Because FAA is the monopoly ATC service provider with the power of The Mandate, let’s assume that BEBS becomes the policy of the land. Now imagine air traffic controllers working actual traffic. Controllers consider the traffic under their control and, based upon the aircraft types, arrival/departure fixes, runway and taxiway limitations, standard procedures, parking areas, and other factors, run the traffic in a way that gets all the aircraft on their way or on the ground as expeditiously as possible. Under BEBS, an additional consideration would be if the aircraft is or is not ADS-B equipped because that will define the quality of service to be provided. This additional factor would create a whole new family of operational requirements and restrictions for the controllers, be a huge increase in controller mental workload, and probably create an operationally chaotic control environment sufficient to significantly decrease terminal capacity and increase delays. Not a good unintended consequence.
For the BEBS policy to be effective, it would also have to prohibit controllers from giving any of the reserved “best” service to non-ADS-B equipped aircraft operators under any circumstance because “free” benefits would undermine their incentive to equip. In that situation, one assumes that controllers would be expected to intentionally not use the full capacity of the airport and associated airspace (i.e., decrease capacity) to demonstrate to operators the economic cost of less efficient services as a simple matter of enforcing the BEBS “encouragement” objective. Is this beginning to bother anyone yet?

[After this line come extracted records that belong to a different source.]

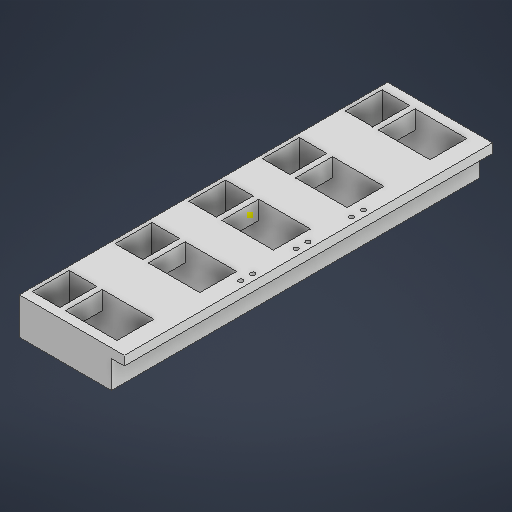
# Autodesk Inventor part: Fem_Sensor_Indtil_Videre
Saved by Autodesk Inventor 2026.1 (Build 301233020, 233B)
## iProperties
Created: 2025-10-29
Part Number: Fem_Sensor_Indtil_Videre
Material: Generic
Document SubType Name: Modeling
Designer: willi
Density: 1 g/cm^3
Appearance: Default
Author: willi
Autodesk Inventor part; units mm, degrees
ref_plane "YZ Plane" through (0, 0, 0) normal (1, 0, 0) x (0, 1, 0)
ref_plane "XZ Plane" through (0, 0, 0) normal (0, 1, 0) x (-1, 0, 0)
ref_plane "XY Plane" through (0, 0, 0) normal (0, 0, 1) x (1, 0, 0)
sketch "Sketch1" plane through (0, 0, 0) normal (0, 1, 0) x (-1, 0, 0)
  line L0 (-25, -100) -> (25, -100)
  line L1 (25, -100) -> (25, 100)
  line L2 (25, 100) -> (-25, 100)
  line L3 (-25, 100) -> (-25, -100)
  line L4 (-25, -100) -> (25, 100) construction
  line L5 (25, -100) -> (-25, 100) construction
  line L6 (23, 50) -> (-23, 50)
  line L7 (-23, 50) -> (-23, 30)
  line L8 (-23, 30) -> (23, 30)
  line L9 (23, 30) -> (23, 50)
  line L10 (23, 50) -> (-23, 30) construction
  line L11 (-23, 50) -> (23, 30) construction
  line L12 (23, -30) -> (-23, -30)
  line L13 (-23, -30) -> (-23, -50)
  line L14 (-23, -50) -> (23, -50)
  line L15 (23, -50) -> (23, -30)
  line L16 (23, -30) -> (-23, -50) construction
  line L17 (-23, -30) -> (23, -50) construction
  line L18 (-23, 10) -> (23, 10)
  line L19 (23, 10) -> (23, -10)
  line L20 (23, -10) -> (-23, -10)
  line L21 (-23, -10) -> (-23, 10)
  line L22 (-23, 10) -> (23, -10) construction
  line L23 (23, 10) -> (-23, -10) construction
  line L24 (-23, 95) -> (23, 95)
  line L25 (23, 95) -> (23, 75)
  line L26 (23, 75) -> (-23, 75)
  line L27 (-23, 75) -> (-23, 95)
  line L28 (-23, 95) -> (23, 75) construction
  line L29 (23, 95) -> (-23, 75) construction
  line L30 (-23, -75) -> (23, -75)
  line L31 (23, -75) -> (23, -95)
  line L32 (23, -95) -> (-23, -95)
  line L33 (-23, -95) -> (-23, -75)
  line L34 (-23, -75) -> (23, -95) construction
  line L35 (23, -75) -> (-23, -95) construction
  point P0 (0, 0)
  point P1 (0, 40)
  point P2 (0, -40)
  point P3 (0, 0)
  point P4 (0, 85)
  point P5 (0, -85)
  dimension "d0" = 200
  dimension "d1" = 50
  dimension "d2" = 2
  dimension "d3" = 46
  dimension "d4" = 20
  dimension "d5" = 46
  dimension "d6" = 20
  dimension "d7" = 2
  dimension "d8" = 20
  dimension "d9" = 46
  dimension "d10" = 2
  dimension "d11" = 0
  dimension "d12" = 20
  dimension "d13" = 20
  dimension "d14" = 46
  dimension "d15" = 20
  dimension "d16" = 20
  dimension "d17" = 46
  dimension "d18" = 2
  dimension "d19" = 2
  dimension "d20" = 25
  dimension "d21" = 25
  constraints: 72 end point, 12 midpoint, 12 parallel, 6 horizontal, 6 perpendicular
  measures "d0" distance of L0.end L1.end
  measures "d1" distance of L1.end L2.end
  measures "d2" distance between parallel lines of L3 L7
  measures "d3" distance of L7.end L8.end
  measures "d4" distance of L6.end L7.end
  measures "d5" distance of L19.end L20.end
  measures "d6" distance of L18.end L19.end
  measures "d7" distance between parallel lines of L3 L21
  measures "d8" distance of L12.end L13.end
  measures "d9" distance of L12.start L12.end
  measures "d10" distance between parallel lines of L3 L13
  measures "d11" distance of point (0, 0) point (0, 0)
  measures "d12" distance between parallel lines of L12 L20
  measures "d13" distance between parallel lines of L8 L18
  measures "d14" distance of L30.start L30.end
  measures "d15" distance of L32.end L30.start
  measures "d16" distance of L26.end L24.start
  measures "d17" distance of L25.end L26.end
  measures "d18" distance between parallel lines of L3 L27
  measures "d19" distance between parallel lines of L3 L33
  measures "d20" distance between parallel lines of L6 L26
  measures "d21" distance between parallel lines of L14 L30
extrude "Extrusion1" add sketch "Sketch1" along normal blind 35
sketch "Sketch2" plane through (0, 35, 0) normal (0, 1, 0) x (1, 0, 0)
  line L0 (23, -95) -> (-23, -95) projected
  line L1 (-23, -75) -> (23, -75) projected
  line L2 (-8, -95) -> (-5, -95)
  line L3 (-5, -95) -> (-5, -75)
  line L4 (-5, -75) -> (-8, -75)
  line L5 (-8, -75) -> (-8, -95)
  line L6 (-23, -30) -> (23, -30) projected
  line L7 (-8, -50.2373) -> (-5, -50.2373)
  line L8 (-5, -50.2373) -> (-5, -30)
  line L9 (-5, -30) -> (-8, -30)
  line L10 (-8, -30) -> (-8, -50.2373)
  line L11 (-8, -10.1346) -> (-5, -10.1346)
  line L12 (-5, -10.1346) -> (-5, 9.9167)
  line L13 (-5, 9.9167) -> (-8, 9.9167)
  line L14 (-8, 9.9167) -> (-8, -10.1346)
  line L15 (-23, 50) -> (23, 50) projected
  line L16 (-8, 29.7501) -> (-5, 29.7501)
  line L17 (-5, 29.7501) -> (-5, 50)
  line L18 (-5, 50) -> (-8, 50)
  line L19 (-8, 50) -> (-8, 29.7501)
  line L20 (23, 75) -> (-23, 75) projected
  line L21 (-23, 95) -> (23, 95) projected
  line L22 (-8, 75) -> (-5, 75)
  line L23 (-5, 75) -> (-5, 95)
  line L24 (-5, 95) -> (-8, 95)
  line L25 (-8, 95) -> (-8, 75)
  line L26 (-23, -95) -> (-23, -75) projected
  line L27 (-23, 75) -> (-23, 95) projected
  point P0 (0, 0)
  dimension "d24" = 3
  dimension "d25" = 3
  dimension "d26" = 3
  dimension "d27" = 3
  dimension "d28" = 3
  dimension "d29" = 15
  dimension "d30" = 15
  constraints: 40 end point, 10 parallel, 9 point on line, 5 horizontal, 5 perpendicular
  measures "d24" distance between parallel lines of L3 L5
  measures "d25" distance between parallel lines of L8 L10
  measures "d26" distance between parallel lines of L12 L14
  measures "d27" distance between parallel lines of L17 L19
  measures "d28" distance between parallel lines of L23 L25
  measures "d29" distance between parallel lines of L26 L5
  measures "d30" distance between parallel lines of L27 L25
extrude "Extrusion2" add sketch "Sketch2" against normal blind 10 contours L0 L5 L1 L3 | L6 L8 L7 L10 | L14 L13 L12 L11 | L15 L17 L16 L19 | L20 L25 L21 L23
sketch "Sketch3" plane through (0, 35, 0) normal (0, 1, 0) x (1, 0, 0)
  line L0 (-5, -10) -> (-5, 9.9167) projected
  line L1 (-8, 30) -> (-8, 50) projected
  line L2 (-5, 8.437) -> (-8, 8.437)
  line L3 (-8, 8.437) -> (-8, 32.4131)
  line L4 (-8, 32.4131) -> (-5, 32.4131)
  line L5 (-5, 32.4131) -> (-5, 8.437)
  point P0 (0, 0)
  constraints: 8 end point, 2 parallel, 2 point on line, 1 horizontal, 1 perpendicular
extrude "Extrusion3" add sketch "Sketch3" against normal blind 10
sketch "Sketch4" plane through (25, 0, -100) normal (0, 0, -1) x (-1, 0, 0)
  line L0 (0, 35) -> (-7, 35)
  line L1 (-7, 35) -> (-7, 30)
  line L2 (-7, 30) -> (0, 30)
  line L3 (0, 30) -> (0, 35)
  line L4 (0, 0) -> (0, 35) projected
  line L5 (0, 35) -> (50, 35) projected
  point P0 (25, 0)
  dimension "d35" = 0
  dimension "d36" = 7
  dimension "d37" = 5
  dimension "d38" = 0
  constraints: 8 end point, 2 parallel, 1 horizontal, 1 perpendicular
  measures "d35" distance between parallel lines of L4 L3
  measures "d36" distance of L1.end L2.end
  measures "d37" distance of L0.end L1.end
  measures "d38" distance between parallel lines of L5 L0
extrude "Extrusion4" add sketch "Sketch4" against normal blind 200
sketch "Sketch5" plane through (25, 0, -100) normal (0, 0, -1) x (-1, 0, 0)
  point P0 (25, 0)
sketch "Sketch6" plane through (0, 35, 0) normal (0, 1, 0) x (1, 0, 0)
  circle A0 centre (28.5, -33.25) radius 1.25
  circle A1 centre (28.5, -26.75) radius 1.25
  line L0 (32, 100) -> (32, -100)
  circle A2 centre (28.5, -3.25) radius 1.25
  circle A3 centre (28.5, 3.25) radius 1.25
  circle A4 centre (28.5, 26.75) radius 1.25
  circle A5 centre (28.5, 33.25) radius 1.25
  line L1 (-25, 100) -> (32, 100)
  line L2 (-25, -100) -> (32, -100)
  point P0 (0, 0)
  dimension "d41" = 2.5
  dimension "d42" = 2.5
  dimension "d46" = 2.5
  dimension "d47" = 2.5
  dimension "d48" = 2.5
  dimension "d49" = 2.5
  dimension "d51" = 4
  dimension "d53" = 4
  dimension "d54" = 3.5
  dimension "d55" = 3.5
  dimension "d56" = 3.5
  dimension "d57" = 4
  dimension "d58" = 3.5
  dimension "d59" = 3.5
  dimension "d62" = 96.75
  dimension "d63" = 3.5
  dimension "d66" = 21
  dimension "d67" = 21
  constraints: 6 centre point, 6 end point
  measures "d41" diameter of A0
  measures "d42" diameter of A1
  measures "d46" diameter of A4
  measures "d47" diameter of A5
  measures "d48" diameter of A3
  measures "d49" diameter of A2
  measures "d54" distance from line of L0 A0.centre
  measures "d55" distance from line of L0 A4.centre
  measures "d56" distance from line of L0 A5.centre
  measures "d58" distance from line of L0 A3.centre
  measures "d59" distance from line of L0 A2.centre
  measures "d62" distance from line of L2 A2.centre
  measures "d63" distance from line of L0 A1.centre
extrude "Extrusion5" cut sketch "Sketch6" against normal blind 30
sketch "Sketch7" plane through (25, 0, -100) normal (0, 0, -1) x (-1, 0, 0)
  point P0 (25, 0)
sketch "Sketch8" plane through (0, 35, 0) normal (0, 1, 0) x (1, 0, 0)
  point P0 (0, 0)
sketch "Sketch9" plane through (25, 0, 100) normal (1, 0, 0) x (0, 0, -1)
  line L0 (-3.3992, 0) -> (201.6008, 0)
  line L1 (201.6008, 0) -> (201.6008, 15)
  line L2 (201.6008, 15) -> (-3.3992, 15)
  line L3 (-3.3992, 15) -> (-3.3992, 0)
  line L4 (0, 0) -> (200, 0) projected
  point P0 (100, 0)
  dimension "d68" = 15
  dimension "d69" = 0
  dimension "d70" = 205
  constraints: 8 end point, 2 parallel, 1 horizontal, 1 perpendicular
  measures "d68" distance of L2.end L0.start
  measures "d69" distance between parallel lines of L4 L0
  measures "d70" distance of L1.end L2.end
extrude "Extrusion6" cut sketch "Sketch9" against normal blind 55
body "Solid1"

Finally, BEBS means that the U.S. government would deny non-felon U.S. citizens (and others) access to open public airspace without justification. Or is there some justification? Does ADS-B provide a significantly higher level of safety than radar? To what degree? Where was the rigorous analysis, documentation, and public debate of BEBS? Or is the BEBS concept based completely on the undocumented and unsubstantiated speculation that ADS-B is fundamental to achieving unspecified NextGen operational capabilities? I’m certainly no constitutional lawyer but it seems to me that depriving citizens of their liberty to utilize public airspace without cause or due process of law just might be a violation of the 5th Amendment to the U.S. Constitution. At the very least it seems like a Federal abuse of power. Don’t know, just sayin’.
These are just the most egregious issues surrounding BEBS. My first question is who brought this idea up in the first place? More importantly, who was the first person to approve it as an official government strategy? How did it get to be an officially endorsed strategy of the FAA Administrator? Did anyone run the idea past General Counsel to confirm its legality and constitutionality? Did anyone run it by the Congressional Affairs office since it clearly has political “Big Government”, “Anti-business”, “Freedom”, “Liberty”, “Government Intrusion”, etc. implications? Lastly, did anyone consider the operational issues associated with the execution of the policy; the ones that the old independent Air Traffic Service would have raised to keep this terribly flawed policy from ever surviving the first discussion? Apparently not.